══ INPUT ══

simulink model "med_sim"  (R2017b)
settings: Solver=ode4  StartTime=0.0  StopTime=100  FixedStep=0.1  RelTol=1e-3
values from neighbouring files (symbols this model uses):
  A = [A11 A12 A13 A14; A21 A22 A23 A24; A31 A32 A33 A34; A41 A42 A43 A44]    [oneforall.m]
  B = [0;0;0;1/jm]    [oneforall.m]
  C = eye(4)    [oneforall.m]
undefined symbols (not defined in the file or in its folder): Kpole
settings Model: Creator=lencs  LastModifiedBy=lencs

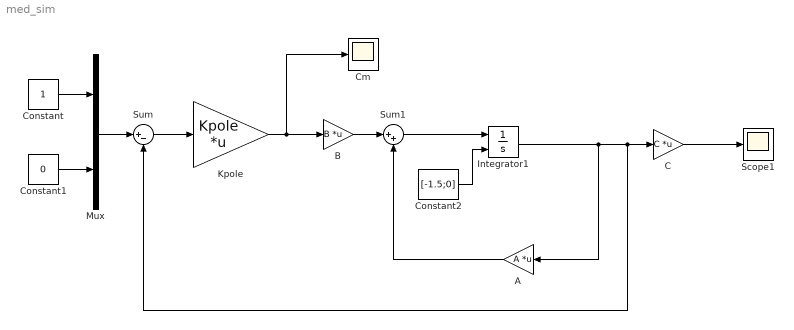
== system med_sim ==
  "A " : Gain  Gain=A  Multiplication=Matrix(K*u)
  B : Gain  Gain=B  Multiplication=Matrix(K*u)
  C : Gain  Gain=C  Multiplication=Matrix(K*u)
  Cm : Scope
  Constant : Constant
  Constant1 : Constant  Value=0
  Constant2 : Constant  Value=[-1.5;0]
  Integrator1 : Integrator  InitialConditionSource=external  InitialCondition=[0.1;0;0;0]
  Kpole : Gain  Gain=Kpole  Multiplication=Matrix(K*u)
  Mux : Mux  Inputs=2
  Scope1 : Scope
  Sum : Sum  Inputs=|+-
  Sum1 : Sum  Inputs=|++
  wires:
  Constant/1 -> Mux/1
  Mux/1 -> Sum/1
  Sum/1 -> Kpole/1
  Sum1/1 -> Integrator1/1
  Integrator1/1 -> Sum/2, C/1, "A "/1
  C/1 -> Scope1/1
  "A "/1 -> Sum1/2
  B/1 -> Sum1/1
  Constant1/1 -> Mux/2
  Constant2/1 -> Integrator1/2
  Kpole/1 -> Cm/1, B/1

═══

- [YOUR INSTRUCTIONS] Print every line above once more, exactly. Omit the pictures.

- [RESPONSE AREA]
simulink model "med_sim"  (R2017b)
settings: Solver=ode4  StartTime=0.0  StopTime=100  FixedStep=0.1  RelTol=1e-3
values from neighbouring files (symbols this model uses):
  A = [A11 A12 A13 A14; A21 A22 A23 A24; A31 A32 A33 A34; A41 A42 A43 A44]    [oneforall.m]
  B = [0;0;0;1/jm]    [oneforall.m]
  C = eye(4)    [oneforall.m]
undefined symbols (not defined in the file or in its folder): Kpole
settings Model: Creator=lencs  LastModifiedBy=lencs

== system med_sim ==
  "A " : Gain  Gain=A  Multiplication=Matrix(K*u)
  B : Gain  Gain=B  Multiplication=Matrix(K*u)
  C : Gain  Gain=C  Multiplication=Matrix(K*u)
  Cm : Scope
  Constant : Constant
  Constant1 : Constant  Value=0
  Constant2 : Constant  Value=[-1.5;0]
  Integrator1 : Integrator  InitialConditionSource=external  InitialCondition=[0.1;0;0;0]
  Kpole : Gain  Gain=Kpole  Multiplication=Matrix(K*u)
  Mux : Mux  Inputs=2
  Scope1 : Scope
  Sum : Sum  Inputs=|+-
  Sum1 : Sum  Inputs=|++
  wires:
  Constant/1 -> Mux/1
  Mux/1 -> Sum/1
  Sum/1 -> Kpole/1
  Sum1/1 -> Integrator1/1
  Integrator1/1 -> Sum/2, C/1, "A "/1
  C/1 -> Scope1/1
  "A "/1 -> Sum1/2
  B/1 -> Sum1/1
  Constant1/1 -> Mux/2
  Constant2/1 -> Integrator1/2
  Kpole/1 -> Cm/1, B/1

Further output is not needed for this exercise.